On Sat, Dec 18, 2004 at 04:42:10PM +1100, Graham Williams wrote:

 > Thanks.  Looks like I'm out of luck with g-v-m in this setup then.
 > Back to my Disk Mounter applets!

 I was looking a bit more into this, just out curiosity.

 The use of pmount is hard-coded in g-v-m:

 $ strings /usr/bin/gnome-volume-manager | grep pmount 
 /usr/bin/pmount-hal %h

 so no configurability there.

 pmount's "policy" is also hard-coded (look at the source)[0], no
 configurability here either.

 Part of pmount's policy is that you need to be able to run pmount in
 order to mount a device.  This leads to the "you need to be in the
 plugdev to mount a device" default requirement.

 An entry in /etc/fstab overrides pmount's policy.

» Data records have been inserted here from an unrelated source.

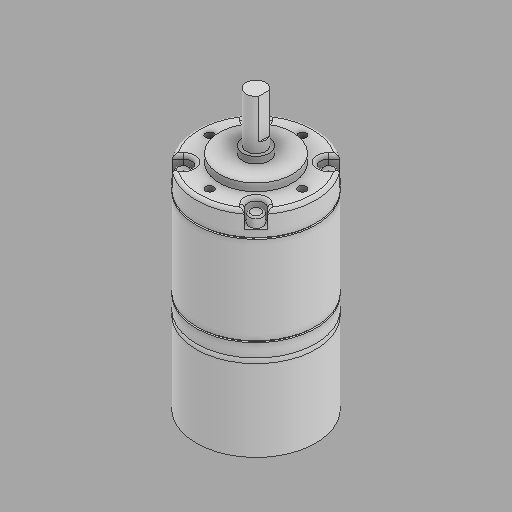
# Autodesk Inventor part: BLDC_3626
Saved by Autodesk Inventor 2025 (Build 290162000, 162)
## iProperties
Created: 2025-04-08
Part Number: BLDC_3626
Material: Типовые
Document SubType Name: Modeling
Designer: Artem Sannikov
Density: 1 g/cm^3
Appearance: По умолчанию
Author: Artem Sannikov
Autodesk Inventor part; units mm, degrees
ref_plane "YZ Plane" through (0, 0, 0) normal (1, 0, 0) x (0, 1, 0)
ref_plane "XZ Plane" through (0, 0, 0) normal (0, 1, 0) x (-1, 0, 0)
ref_plane "XY Plane" through (0, 0, 0) normal (0, 0, 1) x (1, 0, 0)
sketch "Эскиз1" plane through (0, 0, 0) normal (1, 0, 0) x (0, 1, 0)
  line L0 (0, 0) -> (734.8739, 0) construction
  line L1 (0, 0) -> (26, 0)
  line L2 (26, 0) -> (26, -16.5)
  line L3 (24.5, -18) -> (0, -18)
  line L4 (0, -18) -> (0, -6.5)
  arc A0 (24.5, -18) -> (26, -16.5) centre (24.5, -16.5) ccw
  line L5 (0, 0) -> (-3, 0)
  line L6 (-3, 0) -> (-3, -6.5)
  line L7 (-3, -6.5) -> (0, -6.5)
  line L8 (6.8488, -18) -> (80.5984, -18) construction
  line L9 (26, 0) -> (64.5, 0)
  line L10 (64.5, -11) -> (64.5, -18)
  line L11 (26, -18) -> (26, 0)
  line L12 (30.5, -18) -> (30.5, -17.5)
  line L13 (30.5, -17.5) -> (30, -17.5)
  line L14 (30, -17.5) -> (30, -18)
  line L15 (57, -18) -> (57, -17.5)
  line L16 (57, -17.5) -> (57.5, -17.5)
  line L17 (57.5, -17.5) -> (57.5, -18)
  line L18 (64.5, 0) -> (66.8, 0)
  line L19 (66.8, 0) -> (66.8, -11)
  line L20 (66.8, -11) -> (64.5, -11)
  line L21 (64.5, -18) -> (57.5, -18)
  line L22 (57, -18) -> (30.5, -18)
  line L23 (30, -18) -> (26, -18)
  line L24 (66.8, 0) -> (83.8, 0)
  line L25 (83.8, 0) -> (83.8, -3)
  line L26 (83.8, -3) -> (68.8, -3)
  line L27 (66.8, -3) -> (66.8, 0)
  line L28 (66.8, 0) -> (68.8, 0)
  line L29 (68.8, -3) -> (68.8, -4)
  line L30 (68.8, -4) -> (66.8, -4)
  line L31 (66.8, -4) -> (66.8, 0)
  line L32 (-3, -1.55) -> (-3.9167, -1.55)
  line L33 (-3.9167, -1.55) -> (-3.9167, 0)
  line L34 (-3.9167, 0) -> (-3, 0)
  point P0 (26, -18)
  point P1 (30, -17.75)
  point P2 (30.5, -17.75)
  dimension "d0" = 26
  dimension "d1" = 18
  dimension "d2" = 1.5
  dimension "d4" = 6.5
  dimension "d5" = 3
  dimension "d6" = 38.5
  dimension "d7" = 4
  dimension "d8" = 0.5
  dimension "d14" = 11
  dimension "d15" = 2.3
  dimension "d16" = 0.5
  dimension "d17" = 0.5
  dimension "d18" = 7
  dimension "d19" = 0.5
  dimension "d20" = 17
  dimension "d21" = 3
  dimension "d22" = 2
  dimension "d23" = 4
  dimension "d28" = 1.55
  constraints: 70 end point, 14 parallel, 8 horizontal, 8 perpendicular, 6 point on line, 2 midpoint, 2 point on circle, 2 tangent, 1 centre point
  measures "d0" distance of point (26, -18) L3.end
  measures "d1" distance of L1.end point (26, -18)
  measures "d2" radius of A0
  measures "d4" distance of L5.end L6.end
  measures "d5" distance between parallel lines of L4 L6
  measures "d6" distance of L10.end L11.start
  measures "d7" distance from line of point (30, -17.75) L11
  measures "d8" distance of point (30.5, -17.75) point (30, -17.75)
  measures "d14" distance of L18.end L19.end
  measures "d15" distance between parallel lines of L19 L10
  measures "d16" distance of L15.end L16.end
  measures "d17" distance of L16.end L17.end
  measures "d18" distance between parallel lines of L10 L17
  measures "d19" distance between parallel lines of L8 L13
  measures "d20" distance of L25.end L27.start
  measures "d21" distance between parallel lines of L0 L26
  measures "d22" distance of L29.end L30.end
  measures "d23" distance of L28.end L29.end
  measures "d28" distance between parallel lines of L32 L34
revolve "Вращение1" add sketch "Эскиз1" angle 360 about axis through (0, 0, 0) along (0, 1, 0)
sketch "Эскиз2" plane through (0, 83.8, 0) normal (0, 1, 0) x (1, 0, 0)
  circle A0 centre (0, 0) radius 3 projected
  line L0 (2.5, -1.6583) -> (5.0866, -1.6583)
  line L1 (5.0866, -1.6583) -> (5.0866, 2.9667)
  line L2 (5.0866, 2.9667) -> (2.5, 2.9667)
  line L3 (2.5, 2.9667) -> (2.5, -1.6583)
  point P0 (2.5, 1.6583)
  dimension "d25" = 5.5
  constraints: 8 end point, 2 parallel, 1 horizontal, 1 perpendicular, 2 other
extrude "Выдавливание1" cut sketch "Эскиз2" against normal blind 12 contours L3 A0 picked at (2.5914, 0.3806)
sketch "Эскиз3" plane through (0, 64.5, 0) normal (0, 1, 0) x (1, 0, 0)
  circle A0 centre (0, 0) radius 14 construction
  point P0 (0, 14)
  point P1 (-14, 0)
  point P2 (0, -14)
  point P3 (14, 0)
  dimension "d29" = 28
  dimension "d32" = 360
  constraints: 1 coincident, 1 vertical alignment, 7 other
hole "Отверстие1" at (0, 64.5, -14) at (-14, 64.5, 0) at (0, 64.5, 14) at (14, 64.5, 0) direction (0, -1, 0) diameter 2.459 depth 8.8 tip angle 118 thread size "M3x0.5" class "6H" standard "ISO Metric profile"
sketch "Эскиз4" plane through (0, 64.5, 0) normal (0, 1, 0) x (1, 0, 0)
  line L0 (0, 0) -> (18, 0) construction
  circle A0 centre (0, 0) radius 18 projected
  line L1 (0, 0) -> (12.7279, 12.7279) construction
  circle A1 centre (10.9602, 10.9602) radius 2.5
  line L2 (12.7279, 9.1924) -> (14.3723, 10.8368)
  line L3 (9.1924, 12.7279) -> (10.8368, 14.3723)
  line L4 (10.8368, 14.3723) -> (14.3723, 14.3723)
  line L5 (14.3723, 14.3723) -> (14.3723, 10.8368)
  line L6 (14.3723, 10.8368) -> (10.8368, 10.8368)
  line L7 (10.8368, 10.8368) -> (10.8368, 14.3723)
  line L8 (-9.1924, 12.7279) -> (-10.8368, 14.3723)
  circle A2 centre (-10.9602, 10.9602) radius 2.5
  line L9 (-10.8368, 14.3723) -> (-10.8368, 10.8368)
  line L10 (-10.8368, 10.8368) -> (-14.3723, 10.8368)
  line L11 (-12.7279, 9.1924) -> (-14.3723, 10.8368)
  line L12 (-14.3723, 10.8368) -> (-14.3723, 14.3723)
  line L13 (-14.3723, 14.3723) -> (-10.8368, 14.3723)
  line L14 (-12.7279, -9.1924) -> (-14.3723, -10.8368)
  circle A3 centre (-10.9602, -10.9602) radius 2.5
  line L15 (-14.3723, -10.8368) -> (-10.8368, -10.8368)
  line L16 (-10.8368, -10.8368) -> (-10.8368, -14.3723)
  line L17 (-9.1924, -12.7279) -> (-10.8368, -14.3723)
  line L18 (-10.8368, -14.3723) -> (-14.3723, -14.3723)
  line L19 (-14.3723, -14.3723) -> (-14.3723, -10.8368)
  line L20 (9.1924, -12.7279) -> (10.8368, -14.3723)
  circle A4 centre (10.9602, -10.9602) radius 2.5
  line L21 (10.8368, -14.3723) -> (10.8368, -10.8368)
  line L22 (10.8368, -10.8368) -> (14.3723, -10.8368)
  line L23 (12.7279, -9.1924) -> (14.3723, -10.8368)
  line L24 (14.3723, -10.8368) -> (14.3723, -14.3723)
  line L25 (14.3723, -14.3723) -> (10.8368, -14.3723)
  point P0 (-12.7279, 12.7279)
  point P1 (-12.7279, -12.7279)
  point P2 (12.7279, -12.7279)
  dimension "d41" = 45
  dimension "d42" = 5
  dimension "d45" = 360
  constraints: 52 end point, 16 point on circle, 4 centre point, 4 parallel, 2 horizontal, 1 perpendicular, 1 point on line, 61 other
  measures "d41" angle of L1 L0
  measures "d42" diameter of A1
extrude "Выдавливание2" cut sketch "Эскиз4" against normal blind 5 contours L6 A1 A0 | L2 A1 L6 | A0 A4 L22 | L22 A4 L23 | A1 L7 A0 | A1 L6 L7 | A1 L7 L6 | A0 L21 A4 | A4 L21 L22 | L22 L21 A4 | L7 A1 L3 | L20 A4 L21 | L9 A2 A0 | L8 A2 L9 | A0 A3 L16 | L16 A3 L17 | A2 L10 A0 | A2 L9 L10 | A2 L10 L9 | A0 L15 A3 | A3 L15 L16 | L16 L15 A3 | L10 A2 L11 | L14 A3 L15
fillet "Сопряжение1" radius 1 17 edges at (5.7139, 64.5, -17.069) (-5.7139, 64.5, -17.069) (-18, 64.5, 0) (0, 64.5, 18) (18, 64.5, 0) (10.0146, 64.5, -13.5501) (13.5501, 64.5, -10.0146) (9.1924, 64.5, -9.1924) (13.5501, 64.5, 10.0146) (10.0146, 64.5, 13.5501) (9.1924, 64.5, 9.1924) (-13.5501, 64.5, -10.0146) (-10.0146, 64.5, -13.5501) (-9.1924, 64.5, -9.1924) (-10.0146, 64.5, 13.5501) (-13.5501, 64.5, 10.0146) (-9.1924, 64.5, 9.1924)
sketch "Эскиз5" plane through (0, 59.5, 0) normal (0, 1, 0) x (1, 0, 0)
  arc A0 (-12.7279, 9.1924) -> (-9.1924, 12.7279) centre (-10.9602, 10.9602) ccw construction
  circle A1 centre (-10.9602, 10.9602) radius 2
  circle A2 centre (-10.9602, -10.9602) radius 2
  circle A3 centre (10.9602, -10.9602) radius 2
  circle A4 centre (10.9602, 10.9602) radius 2
  point P0 (0, 0)
  dimension "d50" = 4
  dimension "d53" = 360
  constraints: 4 centre point, 1 coincident, 9 other
  measures "d50" diameter of A1
extrude "Выдавливание3" add sketch "Эскиз5" along normal blind 3
fillet "Сопряжение2" radius 0.5 4 edges at (8.9602, 62.5, -10.9602) (-12.9602, 62.5, -10.9602) (-12.9602, 62.5, 10.9602) (8.9602, 62.5, 10.9602)

 In order to be able to umount a device, pmount requires that this
 device has been mounted by you.  This is enforced by checking /etc/mtab
 and parsing the mount options looking for "uid=n".  n needs to be the
 uid of the user trying to unmount the device.  I wonder how mount
 enforces the user and users option.

 In short, your problem, as I see it, is this:

    * pmount's policy is that if you can run pmount and fulfill certain
      criteria, you can mount a device.

    * pumount's policy is that you can run pumount, you are the user who
      mounted the device and fulfill certain criteria, you can unmount
      the device.

 The problem with g-v-m is that if you have two g-v-m's running, both
 will get messages from HAL which means that they will race for mounting
 the device.  As I said before, one of them should go to sleep, but even
 that solution is highly unsatisfactory.


 [0] Here I have to say that in the grand tradition of documenting
     programs incompletely, what pmount actually does is a bit more than
     what the manpages say it does.  For starters, it supports a certain
     subset of filesystems (all of them likely to be present in
     removable media); it creates directories with a mode of 0755
     (modifies by the user's umask); it constructs the arguments it
     passes to mount in a certain way and assumes that the information
     found in /etc/mtab has been constructed in this way; it requires
     devices to be under /dev and it follows symlinks in the device name
     that it gets (to enforce this among other things), which is not
     quite consistent with this wording:

       pmount device [ label ]

       This  will  mount  device  to a directory below /media if policy
       is met (see below). If label is given, the mount point will  be
       /media/label, otherwise it will be /media/device.

     I expected "pmount /dev/dvd" to mount the dvd under /media/dvd
     (following the wording above), instead it ends up in /media/hdc.